Les élèves du Rucher auront leur propre cafétéria pour ne pas être mêlés aux enfants de l'école alternative qui amorcent l'école dans le même édifice, cette année.

La rentrée se fera de façon progressive, jeudi et vendredi.

«Pendant deux jours, les élèves rentrent en demi-groupes. Pour l'ensemble des groupes, sauf un, la rentrée se fera lundi.

Avec le préscolaire, qui fera lui aussi une rentrée progressive, on peut calculer que la rentrée sera complète dès le 12 septembre», précise la directrice.

La visite s'est bien passée aussi pour le petit Louis-David, qui fréquente Le Rucher depuis deux ans. Il était content de revoir ses enseignantes et ses copains de classe.

Sa mère, Cathy Gervais, de Bécancour, avoue qu'elle était «un peu inquiète de changer d'école parce que Louis-David réagit aux changements beaucoup», explique-t-elle.

«On va voir vendredi, quand il commencera pour vrai, s'il a une réaction», dit-elle.

«L'école est belle. J'ai hâte de voir ce qu'ils vont faire avec la cour d'école», dit-elle.

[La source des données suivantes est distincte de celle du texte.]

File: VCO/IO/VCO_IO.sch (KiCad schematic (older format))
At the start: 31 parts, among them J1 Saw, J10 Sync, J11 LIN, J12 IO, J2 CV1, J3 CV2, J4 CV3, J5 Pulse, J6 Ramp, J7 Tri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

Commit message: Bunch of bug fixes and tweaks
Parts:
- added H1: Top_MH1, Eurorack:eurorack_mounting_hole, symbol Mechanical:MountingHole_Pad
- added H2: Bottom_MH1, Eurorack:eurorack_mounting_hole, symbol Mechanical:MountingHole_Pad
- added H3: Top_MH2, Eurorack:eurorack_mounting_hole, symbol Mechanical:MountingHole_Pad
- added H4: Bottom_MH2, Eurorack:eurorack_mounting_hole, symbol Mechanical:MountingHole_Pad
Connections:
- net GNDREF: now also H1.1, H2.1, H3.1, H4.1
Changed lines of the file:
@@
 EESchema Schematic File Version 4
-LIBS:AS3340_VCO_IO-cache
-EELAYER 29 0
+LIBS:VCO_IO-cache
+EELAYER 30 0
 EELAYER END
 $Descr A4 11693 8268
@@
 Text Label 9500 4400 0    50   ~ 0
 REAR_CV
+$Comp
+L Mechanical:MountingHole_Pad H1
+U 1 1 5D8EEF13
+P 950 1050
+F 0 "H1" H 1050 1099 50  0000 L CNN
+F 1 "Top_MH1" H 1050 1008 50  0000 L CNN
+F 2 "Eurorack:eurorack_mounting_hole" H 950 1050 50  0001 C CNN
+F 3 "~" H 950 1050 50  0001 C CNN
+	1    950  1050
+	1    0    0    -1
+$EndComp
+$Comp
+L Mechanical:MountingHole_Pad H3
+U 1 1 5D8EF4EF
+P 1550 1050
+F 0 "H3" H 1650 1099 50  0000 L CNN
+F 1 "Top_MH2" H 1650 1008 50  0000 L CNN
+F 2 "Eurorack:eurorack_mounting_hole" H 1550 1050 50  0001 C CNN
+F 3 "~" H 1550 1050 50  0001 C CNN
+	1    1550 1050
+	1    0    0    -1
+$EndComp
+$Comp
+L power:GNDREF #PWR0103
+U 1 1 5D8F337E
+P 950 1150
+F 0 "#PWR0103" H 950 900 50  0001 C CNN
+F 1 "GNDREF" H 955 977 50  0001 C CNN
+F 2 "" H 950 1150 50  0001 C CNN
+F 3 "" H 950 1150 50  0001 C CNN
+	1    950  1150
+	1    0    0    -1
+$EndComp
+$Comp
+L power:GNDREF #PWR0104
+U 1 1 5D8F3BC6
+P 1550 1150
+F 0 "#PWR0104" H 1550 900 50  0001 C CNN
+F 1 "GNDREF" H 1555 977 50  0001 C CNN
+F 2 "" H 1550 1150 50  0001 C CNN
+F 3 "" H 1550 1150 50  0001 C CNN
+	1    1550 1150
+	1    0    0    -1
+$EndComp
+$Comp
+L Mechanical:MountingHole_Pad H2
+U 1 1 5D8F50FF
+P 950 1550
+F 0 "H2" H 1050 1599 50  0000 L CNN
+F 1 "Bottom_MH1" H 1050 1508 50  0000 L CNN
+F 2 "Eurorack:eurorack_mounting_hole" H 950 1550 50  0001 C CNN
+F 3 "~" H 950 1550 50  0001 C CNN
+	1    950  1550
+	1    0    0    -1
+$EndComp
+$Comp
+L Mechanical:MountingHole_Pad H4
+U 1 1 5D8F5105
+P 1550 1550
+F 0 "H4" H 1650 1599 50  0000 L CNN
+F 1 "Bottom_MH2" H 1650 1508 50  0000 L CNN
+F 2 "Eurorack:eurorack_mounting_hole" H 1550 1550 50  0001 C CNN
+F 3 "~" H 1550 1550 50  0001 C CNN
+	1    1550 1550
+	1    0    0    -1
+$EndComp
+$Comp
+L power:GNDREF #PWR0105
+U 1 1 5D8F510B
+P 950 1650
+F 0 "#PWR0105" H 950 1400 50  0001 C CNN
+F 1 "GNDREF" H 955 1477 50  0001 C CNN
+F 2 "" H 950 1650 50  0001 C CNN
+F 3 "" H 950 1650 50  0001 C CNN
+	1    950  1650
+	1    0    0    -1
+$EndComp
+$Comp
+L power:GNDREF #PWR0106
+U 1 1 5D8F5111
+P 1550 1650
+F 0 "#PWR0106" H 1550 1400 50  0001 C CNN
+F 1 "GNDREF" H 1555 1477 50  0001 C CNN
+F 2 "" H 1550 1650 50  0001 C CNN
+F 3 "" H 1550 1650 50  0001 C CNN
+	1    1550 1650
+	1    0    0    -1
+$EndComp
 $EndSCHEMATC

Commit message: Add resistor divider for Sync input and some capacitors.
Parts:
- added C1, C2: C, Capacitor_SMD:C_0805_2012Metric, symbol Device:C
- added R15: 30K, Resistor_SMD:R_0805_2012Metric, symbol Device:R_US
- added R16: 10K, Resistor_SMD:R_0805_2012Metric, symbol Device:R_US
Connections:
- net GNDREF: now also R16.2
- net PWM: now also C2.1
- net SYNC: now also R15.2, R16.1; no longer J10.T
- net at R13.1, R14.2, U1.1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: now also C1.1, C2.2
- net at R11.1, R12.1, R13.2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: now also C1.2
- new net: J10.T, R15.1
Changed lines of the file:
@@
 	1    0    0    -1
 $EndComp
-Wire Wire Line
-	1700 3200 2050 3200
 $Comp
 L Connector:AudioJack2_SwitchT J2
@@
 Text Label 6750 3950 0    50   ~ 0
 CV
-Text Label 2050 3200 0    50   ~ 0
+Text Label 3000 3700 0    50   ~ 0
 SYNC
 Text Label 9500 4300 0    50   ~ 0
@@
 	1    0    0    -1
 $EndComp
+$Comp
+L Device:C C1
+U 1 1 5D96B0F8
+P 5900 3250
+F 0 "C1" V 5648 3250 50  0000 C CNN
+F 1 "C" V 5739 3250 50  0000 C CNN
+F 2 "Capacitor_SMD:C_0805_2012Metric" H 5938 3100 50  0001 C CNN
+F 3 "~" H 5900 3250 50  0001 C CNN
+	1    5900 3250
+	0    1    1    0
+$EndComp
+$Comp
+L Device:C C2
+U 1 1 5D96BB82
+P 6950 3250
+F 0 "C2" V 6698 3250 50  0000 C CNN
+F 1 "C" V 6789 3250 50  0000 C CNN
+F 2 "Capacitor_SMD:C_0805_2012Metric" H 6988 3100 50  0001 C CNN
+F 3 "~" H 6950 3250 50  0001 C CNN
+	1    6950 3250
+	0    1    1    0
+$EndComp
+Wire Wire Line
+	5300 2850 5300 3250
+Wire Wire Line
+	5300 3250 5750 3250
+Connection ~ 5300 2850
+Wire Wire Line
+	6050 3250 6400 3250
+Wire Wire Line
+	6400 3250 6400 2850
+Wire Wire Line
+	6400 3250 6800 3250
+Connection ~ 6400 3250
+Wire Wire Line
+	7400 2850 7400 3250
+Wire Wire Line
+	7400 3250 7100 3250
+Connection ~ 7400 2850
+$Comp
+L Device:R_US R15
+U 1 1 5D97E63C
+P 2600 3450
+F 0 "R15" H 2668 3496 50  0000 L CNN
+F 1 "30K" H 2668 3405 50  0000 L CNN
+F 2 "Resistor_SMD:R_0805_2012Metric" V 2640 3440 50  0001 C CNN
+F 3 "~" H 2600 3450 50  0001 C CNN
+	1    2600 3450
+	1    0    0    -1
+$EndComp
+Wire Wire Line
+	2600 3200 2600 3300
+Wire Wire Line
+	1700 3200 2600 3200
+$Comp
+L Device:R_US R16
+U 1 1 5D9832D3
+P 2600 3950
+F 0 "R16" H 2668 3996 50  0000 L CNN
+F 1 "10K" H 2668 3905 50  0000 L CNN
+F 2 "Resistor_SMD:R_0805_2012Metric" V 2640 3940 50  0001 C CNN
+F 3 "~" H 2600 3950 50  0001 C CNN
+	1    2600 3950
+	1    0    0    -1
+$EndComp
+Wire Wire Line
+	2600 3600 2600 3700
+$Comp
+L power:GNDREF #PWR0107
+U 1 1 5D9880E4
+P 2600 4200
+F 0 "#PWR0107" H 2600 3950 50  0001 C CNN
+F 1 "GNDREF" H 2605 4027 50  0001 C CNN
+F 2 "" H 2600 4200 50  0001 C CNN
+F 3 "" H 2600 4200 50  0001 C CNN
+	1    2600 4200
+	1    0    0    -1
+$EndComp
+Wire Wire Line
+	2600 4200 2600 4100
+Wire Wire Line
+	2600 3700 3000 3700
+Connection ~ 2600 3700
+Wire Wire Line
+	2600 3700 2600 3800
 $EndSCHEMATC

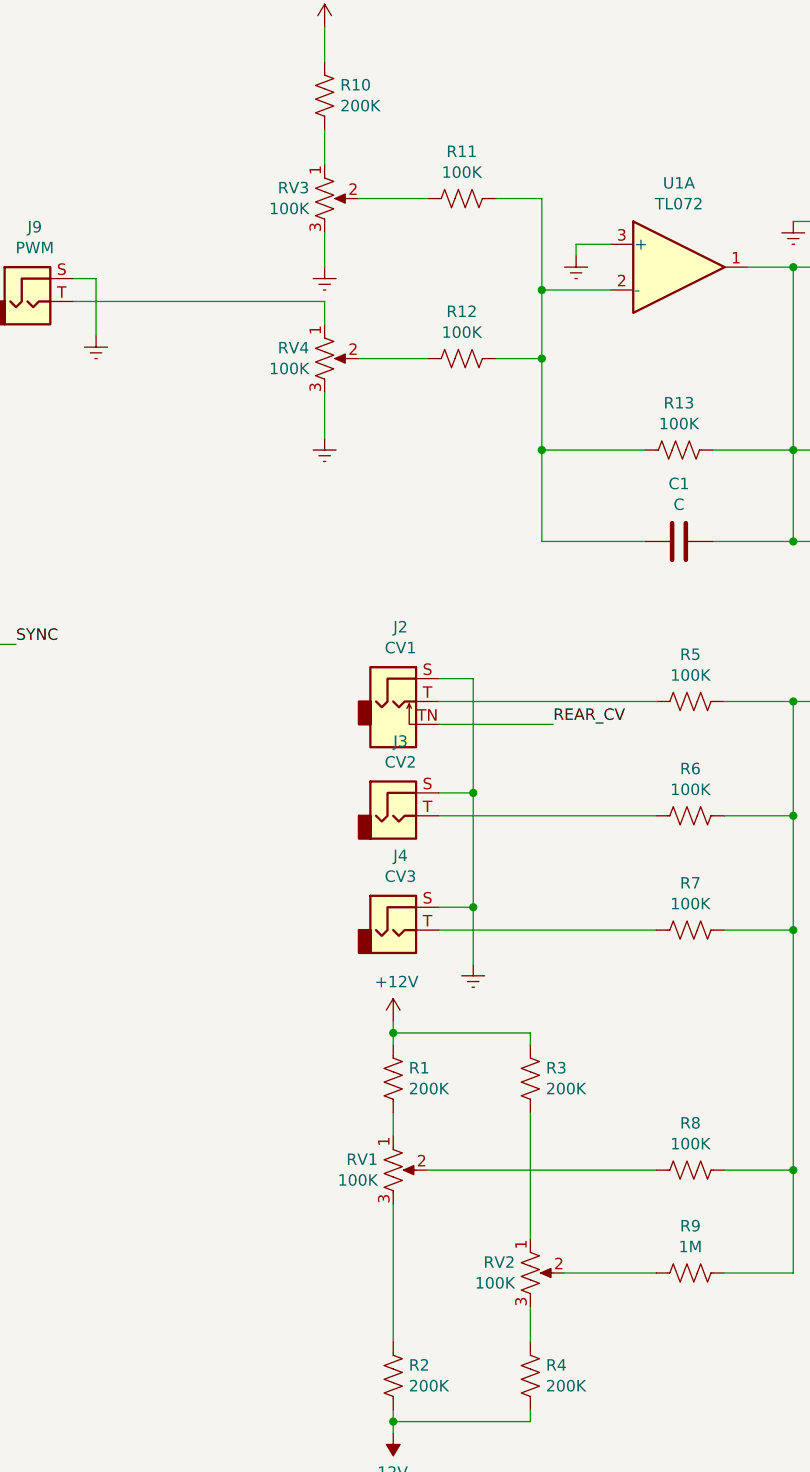
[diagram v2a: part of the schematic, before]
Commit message: Fix backwards knobs
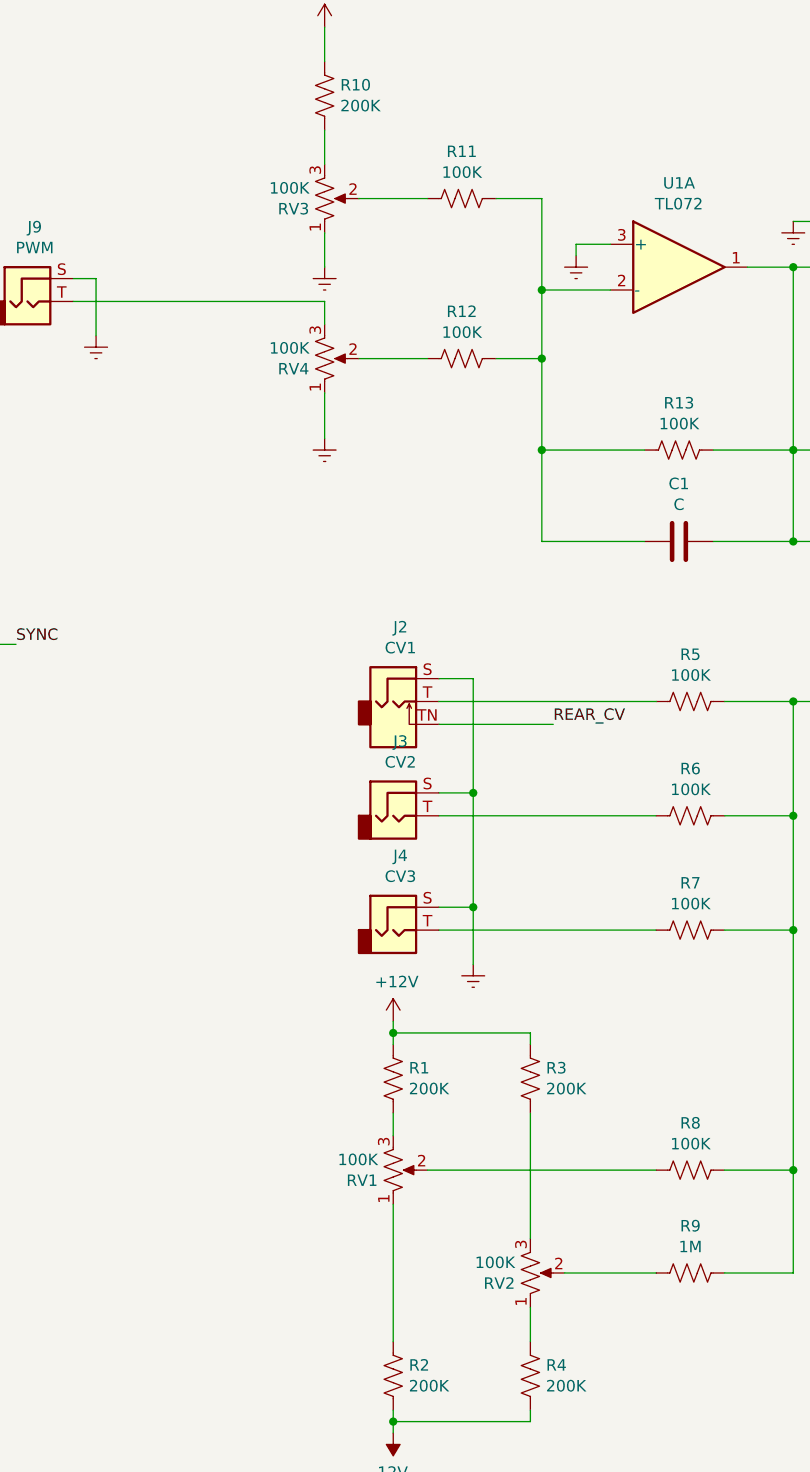
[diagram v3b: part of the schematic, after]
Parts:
- RV1, RV2, RV3, RV4: footprint Eurorack:TT_P0915N -> Eurorack:Potentiometer_TT_P0915N
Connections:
- net GNDREF: now also RV3.1, RV4.1; no longer RV3.3, RV4.3
- net at R10.2: now also RV3.3; no longer RV3.1
- net at J9.T: now also RV4.3; no longer RV4.1
- net at RV2.1: now also R4.1; no longer R3.2
- net at RV2.3: now also R3.2; no longer R4.1
- net at RV1.1: now also R2.1; no longer R1.2
- net at RV1.3: now also R1.2; no longer R2.1
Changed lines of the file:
@@
 F 0 "RV3" H 4283 1796 50  0000 R CNN
 F 1 "100K" H 4283 1705 50  0000 R CNN
-F 2 "Eurorack:TT_P0915N" H 4350 1750 50  0001 C CNN
+F 2 "Eurorack:Potentiometer_TT_P0915N" H 4350 1750 50  0001 C CNN
 F 3 "~" H 4350 1750 50  0001 C CNN
 	1    4350 1750
-	1    0    0    -1
+	1    0    0    1
 $EndComp
 $Comp
@@
 F 0 "RV4" H 4283 2496 50  0000 R CNN
 F 1 "100K" H 4283 2405 50  0000 R CNN
-F 2 "Eurorack:TT_P0915N" H 4350 2450 50  0001 C CNN
+F 2 "Eurorack:Potentiometer_TT_P0915N" H 4350 2450 50  0001 C CNN
 F 3 "~" H 4350 2450 50  0001 C CNN
 	1    4350 2450
-	1    0    0    -1
+	1    0    0    1
 $EndComp
 $Comp
@@
 F 0 "RV2" H 5183 6496 50  0000 R CNN
 F 1 "100K" H 5183 6405 50  0000 R CNN
-F 2 "Eurorack:TT_P0915N" H 5250 6450 50  0001 C CNN
+F 2 "Eurorack:Potentiometer_TT_P0915N" H 5250 6450 50  0001 C CNN
 F 3 "~" H 5250 6450 50  0001 C CNN
 	1    5250 6450
-	1    0    0    -1
+	1    0    0    1
 $EndComp
 $Comp
@@
 F 0 "RV1" H 4583 6046 50  0000 R CNN
 F 1 "100K" H 4583 5955 50  0000 R CNN
-F 2 "Eurorack:TT_P0915N" H 4650 6000 50  0001 C CNN
+F 2 "Eurorack:Potentiometer_TT_P0915N" H 4650 6000 50  0001 C CNN
 F 3 "~" H 4650 6000 50  0001 C CNN
 	1    4650 6000
-	1    0    0    -1
-$EndComp
-$Comp
+	1    0    0    1
+$EndComp
+$Comp

L'espace vert disponible, près du bâtiment, est intéressant, mais il faudra le clôturer adéquatement avant d'y envoyer les enfants.

«On a des plans de faits», précise la directrice. «Il faut décider ce qu'on va mettre à l'intérieur», explique-t-elle.

Les travaux ne tarderont pas, assure Mme Fröhlich.

«C'est une priorité. Ça s'en vient très bientôt», dit-elle.

Le personnel de l'école Le Rucher a reçu des quantités considérables de dons d'objets de toutes sortes, jouets, mobilier, livres et autres, pour remplacer le matériel incendié.

Les choses qui ne seront pas utilisables ou qui seront en surplus seront remises à des organismes, précise la directrice.